Philosophy of Life

by the Class of 2010


Every senior at RFH must complete a Philosophy of Life in which they consider, create and compose their beliefs in a 10-page paper.  While daunting, many seniors use it as an opportunity to reflect, perhaps for the first time, on who they have become while at RFH, as well as what events and people influenced that development.  Each senior has been molded and shaped by careful hands, and as they graduate on June 18, 2010, we will be sad to see them go, but will also watch them leave this school with pride and confidence in their future successes.

Below are some excerpts from this year’s Philosophy of Life papers.  They detail outstanding values and careful reflection, and map the courses of success.

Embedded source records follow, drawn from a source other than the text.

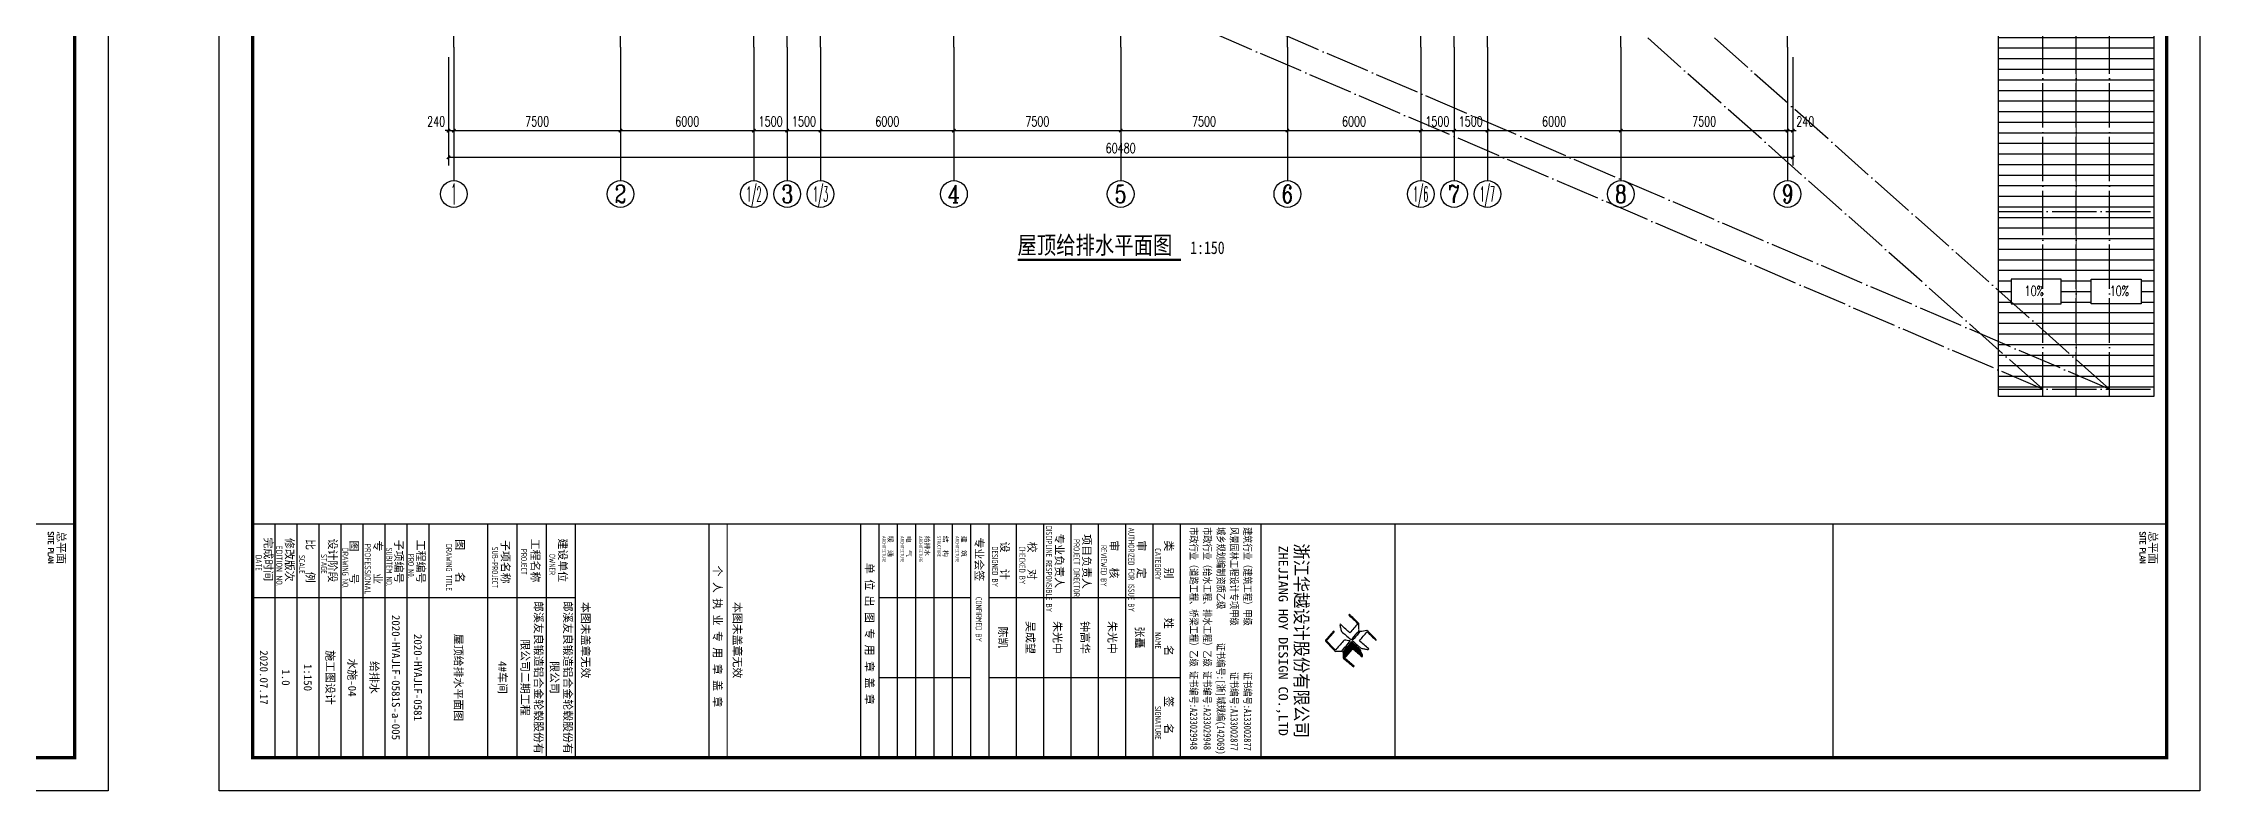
# Model space of a CAD drawing. Extents: x 14168272 to 29396535, y -812963 to 33736.
# Drawn here: x 14857348 to 14954373, y -339170 to -305534 of the extents above; entities that cross this region are included whole.
import ezdxf
from ezdxf.enums import TextEntityAlignment as Align

# ---------------------------------------------------------------- set-up
doc = ezdxf.new("R2010")
doc.units = 0
doc.header["$LTSCALE"] = 1000
doc.header["$MEASUREMENT"] = 0
doc.linetypes.add('DOTE', pattern=[2.42, 2, -0.2, 0.02, -0.2])
for name, color, linetype in [('AXIS', 3, 'Continuous'), ('AXIS_TEXT', 7, 'Continuous'), ('DIM_SYMB', 3, 'Continuous'), ('DOTE', 8, 'DOTE'), ('PUB_DIM', 3, 'Continuous'), ('PUB_TEXT', 7, 'Continuous'), ('PUB_TITLE', 4, 'Continuous'), ('TK', 4, 'Continuous'), ('填充', 251, 'Continuous')]:
    doc.layers.add(name, color=color, linetype=linetype)
doc.styles.add('-宋体', font='', dxfattribs={"width": 0.8})
doc.styles.add('_TCH_AXIS', font='COMPLEX', dxfattribs={"bigfont": 'GBCBIG'})
doc.styles.add('_TCH_DIM', font='SIMPLEX', dxfattribs={"bigfont": 'GBCBIG'})
doc.styles.add('_TCH_DIM_T3', font='SIMPLEX', dxfattribs={"width": 0.705882, "bigfont": 'GBCBIG'})
doc.styles.add('COMPLEX', font='COMPLEX')
doc.styles.add('HT', font='simhei.ttf', dxfattribs={"width": 0.8})
doc.styles.add('ROMANS', font='romans', dxfattribs={"width": 0.65, "height": 231.275})
doc.styles.add('TSSD_REIN', font='tssdeng.shx', dxfattribs={"width": 0.7, "bigfont": 'tssdchn.shx'})
doc.styles.add('YAYA', font='', dxfattribs={"width": 0.8, "height": 1})
doc.styles.add('图签宋体', font='', dxfattribs={"height": 300})
doc.styles.add('图签黑体', font='simhei.ttf', dxfattribs={"height": 550})
doc.styles.get('-宋体').set_extended_font_data('SimSun')
doc.styles.get('YAYA').set_extended_font_data('SimSun')
doc.styles.get('图签宋体').set_extended_font_data('NSimSun')
doc.dimstyles.new('_TCH_ARCH&&150', dxfattribs={"dimtxt": 446.25, "dimasz": 150, "dimexe": 375, "dimexo": 450, "dimgap": 189.375, "dimtad": 1, "dimdec": 0, "dimzin": 0, "dimdsep": 46, "dimtxsty": '_TCH_DIM_T3', "dimblk": 'ARCHTICK', "dimcen": 0.09, "dimclrt": 7, "dimazin": 2, "dimtfac": 1, "dimtdec": 0, "dimtix": 1, "dimtmove": 2, "dimatfit": 3, "dimfxl": 0, "dimtolj": 1, "dimtzin": 0, "dimarcsym": 0})

# ---------------------------------------------------------------- blocks, each defined once
blk = doc.blocks.new('GeYuanFrame_34818471', base_point=(20.09, 4.53))
at = {"layer": 'TK'}
blk.add_lwpolyline([(20.09, 4.53), (20.09, 598.53), (1071.09, 598.53), (1071.09, 4.53)], close=True, dxfattribs=at)
at = {"layer": 'TK', "const_width": 1}
blk.add_lwpolyline([(45.09, 588.53), (1061.09, 588.53), (1061.09, 14.53), (45.09, 14.53)], close=True, dxfattribs=at)
at = {"layer": 'TK', "const_width": 0.4}
blk.add_lwpolyline([(991.09, 588.53), (991.09, 14.53)], dxfattribs=at)
at = {"layer": 'TK', "style": '图签宋体'}
blk.add_text('总平面', height=2.4, dxfattribs=at).set_placement((993.23, 583.28))
at = {"layer": 'TK', "style": 'ROMANS', "width": 0.76}
blk.add_text('SITE PLAN', height=1.697, dxfattribs=at).set_placement((993.35, 580.49))
blk = doc.blocks.new('A$C053D6479')
at = {"layer": 'PUB_TITLE'}
h = blk.add_hatch(color=256, dxfattribs=at)
h.dxf.hatch_style = 1
edge = h.paths.add_edge_path()
edge.add_spline(control_points=[(1026, 827), (1105, 920), (1188, 1008), (1266, 1102)], knot_values=[13, 13, 13, 13, 14, 14, 14, 14], degree=3, periodic=0)
edge.add_spline(control_points=[(1266, 1102), (1258, 1111), (1249, 1119), (1239, 1116)], knot_values=[12, 12, 12, 12, 13, 13, 13, 13], degree=3, periodic=0)
edge.add_spline(control_points=[(1239, 1116), (1210, 1107), (1179, 1092), (1144, 1077)], knot_values=[11, 11, 11, 11, 12, 12, 12, 12], degree=3, periodic=0)
edge.add_spline(control_points=[(1144, 1077), (1109, 1063), (1069, 1053), (1047, 1038)], knot_values=[10, 10, 10, 10, 11, 11, 11, 11], degree=3, periodic=0)
edge.add_spline(control_points=[(1047, 1038), (1028, 1026), (1007, 992), (991, 972)], knot_values=[9, 9, 9, 9, 10, 10, 10, 10], degree=3, periodic=0)
edge.add_spline(control_points=[(991, 972), (942, 913), (899, 868), (849, 810)], knot_values=[8, 8, 8, 8, 9, 9, 9, 9], degree=3, periodic=0)
edge.add_spline(control_points=[(849, 810), (842, 801), (822, 776), (822, 775)], knot_values=[7, 7, 7, 7, 8, 8, 8, 8], degree=3, periodic=0)
edge.add_spline(control_points=[(822, 775), (823, 771), (848, 752), (859, 744)], knot_values=[6, 6, 6, 6, 7, 7, 7, 7], degree=3, periodic=0)
edge.add_spline(control_points=[(859, 744), (949, 670), (1035, 592), (1122, 521)], knot_values=[5, 5, 5, 5, 6, 6, 6, 6], degree=3, periodic=0)
edge.add_spline(control_points=[(1122, 521), (1153, 527), (1185, 530), (1217, 533)], knot_values=[4, 4, 4, 4, 5, 5, 5, 5], degree=3, periodic=0)
edge.add_spline(control_points=[(1217, 533), (1246, 535), (1293, 532), (1316, 542)], knot_values=[3, 3, 3, 3, 4, 4, 4, 4], degree=3, periodic=0)
edge.add_spline(control_points=[(1316, 542), (1327, 547), (1338, 565), (1349, 579)], knot_values=[2, 2, 2, 2, 3, 3, 3, 3], degree=3, periodic=0)
edge.add_spline(control_points=[(1349, 579), (1423, 670), (1507, 759), (1572, 848)], knot_values=[1, 1, 1, 1, 2, 2, 2, 2], degree=3, periodic=0)
edge.add_spline(control_points=[(1572, 848), (1564, 852), (1561, 861), (1551, 862)], knot_values=[0, 0, 0, 0, 1, 1, 1, 1], degree=3, periodic=0)
edge.add_spline(control_points=[(1551, 862), (1469, 769), (1393, 671), (1310, 579)], knot_values=[15, 15, 15, 15, 16, 16, 16, 16], degree=3, periodic=0)
edge.add_spline(control_points=[(1310, 579), (1216, 662), (1118, 742), (1026, 827)], knot_values=[14, 14, 14, 14, 15, 15, 15, 15], degree=3, periodic=0)
at = {"layer": 'TK'}
for points, knots in [([(1031, 1298), (1066, 1286), (1054, 1262), (1045, 1224), (1036, 1188), (1031, 1158), (1024, 1121), (1020, 1104), (1017, 1085), (1012, 1071), (1004, 1052), (976, 1026), (956, 1003), (906, 946), (866, 899), (814, 839), (806, 829), (789, 806), (787, 806), (777, 804), (728, 856), (719, 864), (651, 922), (580, 978), (514, 1036), (509, 1106), (488, 1176), (479, 1247), (570, 1343), (663, 1436), (758, 1526), (764, 1523), (768, 1518), (774, 1515), (693, 1422), (599, 1343), (520, 1249), (607, 1171), (698, 1096), (789, 1021), (874, 1109), (950, 1206), (1031, 1298)], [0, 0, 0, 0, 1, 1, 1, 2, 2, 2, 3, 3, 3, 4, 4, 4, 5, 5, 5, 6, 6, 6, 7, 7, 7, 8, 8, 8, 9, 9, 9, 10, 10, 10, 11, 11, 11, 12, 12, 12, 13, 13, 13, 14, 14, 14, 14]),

Congratulations, Class of 2010!


Morgan Geiger
From her Philosophy of Life paper: Work Hard, Have Fun and Life Will Be What it Should

The third largest factor in my life has been high school. My experiences at Rumson-Fair Haven high school have played a large role in developing my philosophy of life. The curriculum, as well as the faulty, has given me the opportunity to realize my potential and the confidence to reach it. Jewelry making class has been the perfect forum to live out my philosophy of life. Throughout this past year, I have worked hard, definitely had fun and have been pleased with the resulting pieces of jewelry. My jewelry-making teacher, Ms. Okeson, has supported and encouraged me throughout this year. She has been the one to push me, challenging me to try new things and test my abilities. As a result, I have found that my work is more creative and I have the confidence to experiment with new mediums and designs. Not all of my projects were successful, but the failures were worth trying. Ms. Okeson is one of many teachers that I will remember as I reflect back on my experiences at Rumson-Fair Haven High School.  She has not only lent me support while I have been a student in her class, but is the one who has always told me she is here if I need anything now or even later on in life.


Sara Wasserman
From her Philosophy of Life paper: The Recipe of Life

7. Independence

I march to the beat of my own drum, and it’s obvious. I don’t care what the norms are in my community, let alone do I even know what those norms are. Because I am independent, I am open to new things, I can make my own decisions, and I can re-write my recipe for happiness as many times as I want. Independence is both the last and least ingredient on my list because it serves the same purpose as chocolate chips in a banana bread; you really don’t need a lot of them to perfect your bread, but they really bring all of the flavors together in a magnificent way. In reality, none of the other ingredients would make sense without independence. If I had no independence in my life, that would mean I would have to depend on others. I would have quit working at Ten Thousand Villages because my parents had asked me to. I would argue with my parents to allow myself to stay home on the weekends to “party” with friends instead of traveling to Vermont. I would never do art during my free time, but only when it was requested of me. I would go back to being an omnivore instead of an herbivore because I would have no reason to avoid meat. I would mindlessly watch television without satisfaction and would keep up with the news, even though it would upset me. I wouldn’t put any effort into dressing up anymore, and the amount of clothing in my closet would dwindle. Just the thought of what my life would be like without independence deeply upsets me. I have found that breaking tradition keeps me going, and that I am a leader of my kind, not a follower. My deviation from the original recipe of life has allowed me to become the person I am today.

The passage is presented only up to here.